PhD Studentship in Turbine Secondary Flows Under Engine Realistic Inlet Conditions. Full-time

PhD Project On Turbine Secondary Flows

Secondary flows in turbines are a major source of aerodynamic loss and performance degradation and have therefore been studied extensively over many decades. Much of this work has focused on idealised configurations, such as cascade environments with colinear inlet boundary layers and well-defined incidence conditions, which have led to a strong foundational understanding of secondary-flow mechanisms.

In real engines, however, the situation is considerably more complex. The presence of purge flows and tip leakage leads to inlet conditions at the endwalls that differ fundamentally from those typically assumed in classical studies. These effects include the introduction of streamwise vorticity at inlet, large spatial variations in incidence near the endwalls, and substantially thickened and skewed inlet boundary layers. Together, these features can significantly alter the formation, strength, and development of secondary flows.

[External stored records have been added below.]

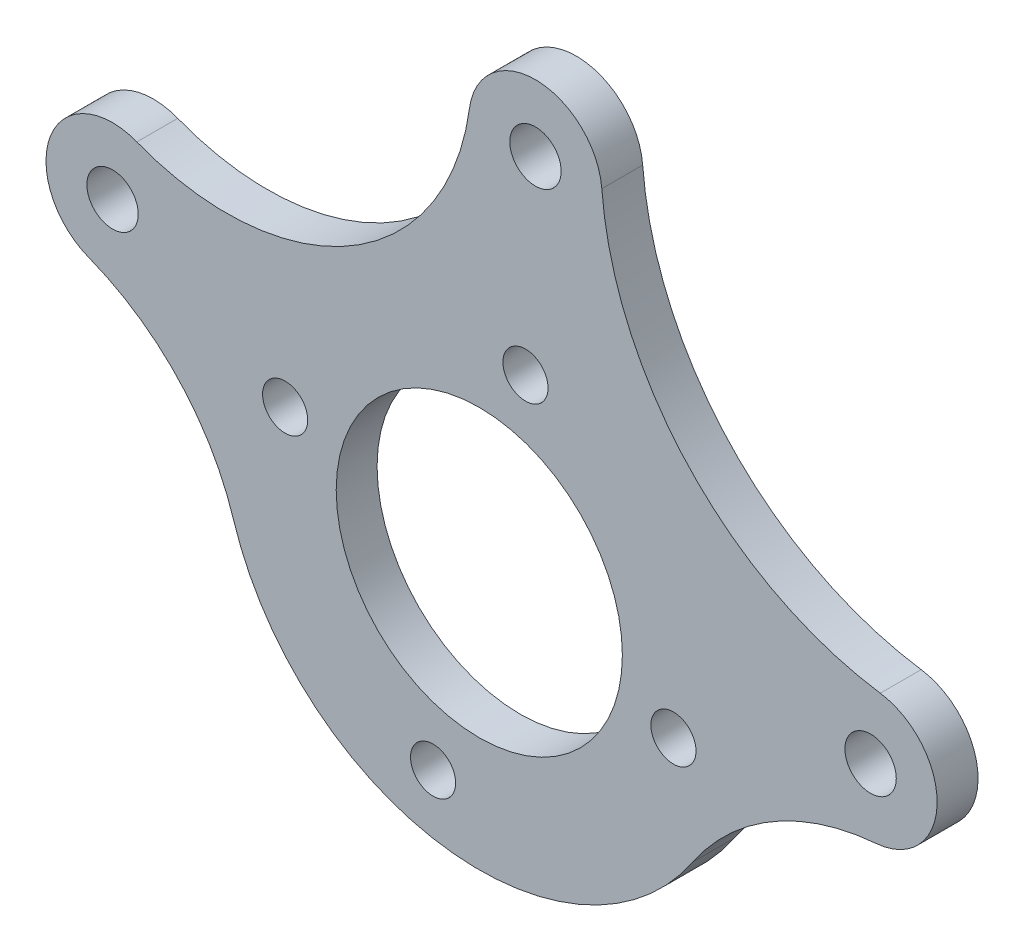
ISO-10303-21;
HEADER;
FILE_DESCRIPTION(('STEP AP214'),'2;1');
FILE_NAME('part.step','',(''),(''),'','','');
FILE_SCHEMA(('AUTOMOTIVE_DESIGN { 1 0 10303 214 1 1 1 1 }'));
ENDSEC;
DATA;
#1=APPLICATION_CONTEXT('core data for automotive mechanical design processes');
#2=APPLICATION_PROTOCOL_DEFINITION('international standard','automotive_design',2000,#1);
#3=PRODUCT_CONTEXT('',#1,'mechanical');
#4=PRODUCT('Part','Part','',(#3));
#5=PRODUCT_RELATED_PRODUCT_CATEGORY('part','',(#4));
#6=PRODUCT_DEFINITION_FORMATION('','',#4);
#7=PRODUCT_DEFINITION_CONTEXT('part definition',#1,'design');
#8=PRODUCT_DEFINITION('design','',#6,#7);
#9=PRODUCT_DEFINITION_SHAPE('','',#8);
#10=(LENGTH_UNIT() NAMED_UNIT(*) SI_UNIT(.MILLI.,.METRE.));
#11=(NAMED_UNIT(*) PLANE_ANGLE_UNIT() SI_UNIT($,.RADIAN.));
#12=(NAMED_UNIT(*) SI_UNIT($,.STERADIAN.) SOLID_ANGLE_UNIT());
#13=UNCERTAINTY_MEASURE_WITH_UNIT(LENGTH_MEASURE(1.E-05),#10,'distance_accuracy_value','');
#14=(GEOMETRIC_REPRESENTATION_CONTEXT(3) GLOBAL_UNCERTAINTY_ASSIGNED_CONTEXT((#13)) GLOBAL_UNIT_ASSIGNED_CONTEXT((#10,
#11,#12)) REPRESENTATION_CONTEXT('',''));
#15=CARTESIAN_POINT('',(0.,0.,0.));
#16=DIRECTION('',(0.,0.,1.));
#17=DIRECTION('',(1.,0.,0.));
#18=AXIS2_PLACEMENT_3D('',#15,#16,#17);
#19=CARTESIAN_POINT('',(217.264535685722,227.071383556608,3.175));
#20=DIRECTION('',(0.,0.,-1.));
#21=DIRECTION('',(-1.,0.,0.));
#22=AXIS2_PLACEMENT_3D('',#19,#20,#21);
#23=CYLINDRICAL_SURFACE('',#22,5.1689);
#24=CARTESIAN_POINT('',(217.264535685722,227.071383556608,0.));
#25=DIRECTION('',(0.,0.,1.));
#26=DIRECTION('',(1.,0.,0.));
#27=AXIS2_PLACEMENT_3D('',#24,#25,#26);
#28=CIRCLE('',#27,5.1689);
#29=CARTESIAN_POINT('',(219.151638290435,231.883490264619,0.));
#30=VERTEX_POINT('',#29);
#31=CARTESIAN_POINT('',(215.392533647705,222.253382354899,0.));
#32=VERTEX_POINT('',#31);
#33=EDGE_CURVE('E161',#30,#32,#28,.T.);
#34=ORIENTED_EDGE('',*,*,#33,.T.);
#35=DIRECTION('',(0.,0.,-1.));
#36=VECTOR('',#35,1.);
#37=CARTESIAN_POINT('',(215.392533647705,222.253382354899,3.175));
#38=LINE('',#37,#36);
#39=CARTESIAN_POINT('',(215.392533647705,222.253382354899,3.175));
#40=VERTEX_POINT('',#39);
#41=EDGE_CURVE('E11',#40,#32,#38,.T.);
#42=ORIENTED_EDGE('',*,*,#41,.F.);
#43=CARTESIAN_POINT('',(217.264535685722,227.071383556608,3.175));
#44=DIRECTION('',(0.,0.,1.));
#45=DIRECTION('',(1.,0.,0.));
#46=AXIS2_PLACEMENT_3D('',#43,#44,#45);
#47=CIRCLE('',#46,5.1689);
#48=CARTESIAN_POINT('',(219.151638290435,231.883490264619,3.175));
#49=VERTEX_POINT('',#48);
#50=EDGE_CURVE('E229',#49,#40,#47,.T.);
#51=ORIENTED_EDGE('',*,*,#50,.F.);
#52=DIRECTION('',(0.,0.,-1.));
#53=VECTOR('',#52,1.);
#54=CARTESIAN_POINT('',(219.151638290435,231.883490264619,3.175));
#55=LINE('',#54,#53);
#56=EDGE_CURVE('E157',#49,#30,#55,.T.);
#57=ORIENTED_EDGE('',*,*,#56,.T.);
#58=EDGE_LOOP('',(#34,#42,#51,#57));
#59=FACE_BOUND('',#58,.T.);
#60=ADVANCED_FACE('F39',(#59),#23,.T.);
#61=CARTESIAN_POINT('',(208.493263237325,204.496621169243,3.175));
#62=DIRECTION('',(0.,0.,-1.));
#63=DIRECTION('',(-1.,0.,0.));
#64=AXIS2_PLACEMENT_3D('',#61,#62,#63);
#65=CYLINDRICAL_SURFACE('',#64,19.05);
#66=CARTESIAN_POINT('',(208.493263237325,204.496621169243,0.));
#67=DIRECTION('',(0.,0.,1.));
#68=DIRECTION('',(1.,0.,0.));
#69=AXIS2_PLACEMENT_3D('',#66,#67,#68);
#70=CIRCLE('',#69,19.05);
#71=CARTESIAN_POINT('',(226.665274493401,210.213307876511,0.));
#72=VERTEX_POINT('',#71);
#73=EDGE_CURVE('E164',#32,#72,#70,.F.);
#74=ORIENTED_EDGE('',*,*,#73,.T.);
#75=DIRECTION('',(0.,0.,-1.));
#76=VECTOR('',#75,1.);
#77=CARTESIAN_POINT('',(226.665274493401,210.213307876511,3.175));
#78=LINE('',#77,#76);
#79=CARTESIAN_POINT('',(226.665274493401,210.213307876511,3.175));
#80=VERTEX_POINT('',#79);
#81=EDGE_CURVE('E48',#80,#72,#78,.T.);
#82=ORIENTED_EDGE('',*,*,#81,.F.);
#83=CARTESIAN_POINT('',(208.493263237325,204.496621169243,3.175));
#84=DIRECTION('',(0.,0.,1.));
#85=DIRECTION('',(1.,0.,0.));
#86=AXIS2_PLACEMENT_3D('',#83,#84,#85);
#87=CIRCLE('',#86,19.05);
#88=EDGE_CURVE('E99',#40,#80,#87,.F.);
#89=ORIENTED_EDGE('',*,*,#88,.F.);
#90=ORIENTED_EDGE('',*,*,#41,.T.);
#91=EDGE_LOOP('',(#74,#82,#89,#90));
#92=FACE_BOUND('',#91,.T.);
#93=ADVANCED_FACE('F248',(#92),#65,.F.);
#94=CARTESIAN_POINT('',(245.745886312281,216.215828919142,3.175));
#95=DIRECTION('',(0.,0.,-1.));
#96=DIRECTION('',(-1.,0.,0.));
#97=AXIS2_PLACEMENT_3D('',#94,#95,#96);
#98=CYLINDRICAL_SURFACE('',#97,20.0025000000005);
#99=CARTESIAN_POINT('',(245.745886312281,216.215828919142,0.));
#100=DIRECTION('',(0.,0.,1.));
#101=DIRECTION('',(1.,0.,0.));
#102=AXIS2_PLACEMENT_3D('',#99,#100,#101);
#103=CIRCLE('',#102,20.0025000000005);
#104=CARTESIAN_POINT('',(262.344318116659,205.053747218785,0.));
#105=VERTEX_POINT('',#104);
#106=EDGE_CURVE('E166',#72,#105,#103,.T.);
#107=ORIENTED_EDGE('',*,*,#106,.T.);
#108=DIRECTION('',(0.,0.,-1.));
#109=VECTOR('',#108,1.);
#110=CARTESIAN_POINT('',(262.344318116659,205.053747218785,3.175));
#111=LINE('',#110,#109);
#112=CARTESIAN_POINT('',(262.344318116659,205.053747218785,3.175));
#113=VERTEX_POINT('',#112);
#114=EDGE_CURVE('E203',#113,#105,#111,.T.);
#115=ORIENTED_EDGE('',*,*,#114,.F.);
#116=CARTESIAN_POINT('',(245.745886312281,216.215828919142,3.175));
#117=DIRECTION('',(0.,0.,1.));
#118=DIRECTION('',(1.,0.,0.));
#119=AXIS2_PLACEMENT_3D('',#116,#117,#118);
#120=CIRCLE('',#119,20.0025000000005);
#121=EDGE_CURVE('E211',#80,#113,#120,.T.);
#122=ORIENTED_EDGE('',*,*,#121,.F.);
#123=ORIENTED_EDGE('',*,*,#81,.T.);
#124=EDGE_LOOP('',(#107,#115,#122,#123));
#125=FACE_BOUND('',#124,.T.);
#126=ADVANCED_FACE('F209',(#125),#98,.T.);
#127=CARTESIAN_POINT('',(278.152348406542,194.423193218445,3.175));
#128=DIRECTION('',(0.,0.,-1.));
#129=DIRECTION('',(-1.,0.,0.));
#130=AXIS2_PLACEMENT_3D('',#127,#128,#129);
#131=CYLINDRICAL_SURFACE('',#130,19.05);
#132=CARTESIAN_POINT('',(278.152348406542,194.423193218445,0.));
#133=DIRECTION('',(0.,0.,1.));
#134=DIRECTION('',(1.,0.,0.));
#135=AXIS2_PLACEMENT_3D('',#132,#133,#134);
#136=CIRCLE('',#135,19.05);
#137=CARTESIAN_POINT('',(276.566152056881,213.407041119762,0.));
#138=VERTEX_POINT('',#137);
#139=EDGE_CURVE('E168',#105,#138,#136,.F.);
#140=ORIENTED_EDGE('',*,*,#139,.T.);
#141=DIRECTION('',(0.,0.,-1.));
#142=VECTOR('',#141,1.);
#143=CARTESIAN_POINT('',(276.566152056881,213.407041119762,3.175));
#144=LINE('',#143,#142);
#145=CARTESIAN_POINT('',(276.566152056881,213.407041119762,3.175));
#146=VERTEX_POINT('',#145);
#147=EDGE_CURVE('E200',#146,#138,#144,.T.);
#148=ORIENTED_EDGE('',*,*,#147,.F.);
#149=CARTESIAN_POINT('',(278.152348406542,194.423193218445,3.175));
#150=DIRECTION('',(0.,0.,1.));
#151=DIRECTION('',(1.,0.,0.));
#152=AXIS2_PLACEMENT_3D('',#149,#150,#151);
#153=CIRCLE('',#152,19.05);
#154=EDGE_CURVE('E224',#113,#146,#153,.F.);
#155=ORIENTED_EDGE('',*,*,#154,.F.);
#156=ORIENTED_EDGE('',*,*,#114,.T.);
#157=EDGE_LOOP('',(#140,#148,#155,#156));
#158=FACE_BOUND('',#157,.T.);
#159=ADVANCED_FACE('F220',(#158),#131,.F.);
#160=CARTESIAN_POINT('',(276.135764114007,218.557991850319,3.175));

This PhD project focuses on understanding turbine secondary flows under realistic engine-relevant conditions, with particular emphasis on the role of purge flows. Using CFD, the research will investigate how purge flow modifies secondary-flow behaviour and contributes to loss generation, and how these effects differ from those observed in idealised configurations.

The project is supported by Rolls-Royce and combines fundamental flow-physics understanding with a clear design motivation, while remaining suitable for a student developing their research skills from a strong Master's-level background.

Expected outcomes:

• Improved understanding of turbine secondary-flow behaviour in the presence of purge flow and tip leakage
• CFD-based assessment of how inlet flow distortion, incidence variation, and boundary-layer modification influence secondary-flow development
• Identification of key physical mechanisms responsible for increased loss under realistic inlet conditions
• Exploration of design strategies to mitigate secondary-flow losses in practical turbine environments

This project is aimed at highly motivated candidates with a strong academic background who are looking to transition from advanced taught study into doctoral research. The ideal candidate will have:

• A strong academic background in aerodynamics, fluid mechanics, or turbomachinery (typically a first-class undergraduate degree or equivalent, and/or a strong Master's degree)
• Experience with CFD, for example through coursework, projects, or a Master's thesis
• An interest in turbine aerodynamics, secondary flows, and real-engine flow physics
• Programming and data-analysis skills (Python preferred)
• Curiosity and motivation to work on complex, industrially relevant aerodynamic problems

Why this PhD?

• Work on an industrially relevant research problem supported by Rolls-Royce
• Develop strong CFD, analysis, and aerodynamic reasoning skills
• Gain experience addressing the gap between idealised academic studies and real engine flows
• Build expertise directly applicable to careers in aerospace, energy, and related engineering sectors

Applicants should have (or expect to obtain by the start date) at least a good 2.1 degree in an Engineering or related subject.

This 3.5 year studentship includes a stipend at the UKRI minimum rate, and will cover fees for a home or international student.

Applications should be submitted via the University of Cambridge Applicant Portal, with Dr Chris Clark identified as the potential supervisor. Applications may close early if the position is filled before the advertised date. Please note there is a £20 application fee attached to using the Cambridge Applicant Portal.

The University actively supports equality, diversity and inclusion and encourages applications from all sections of society.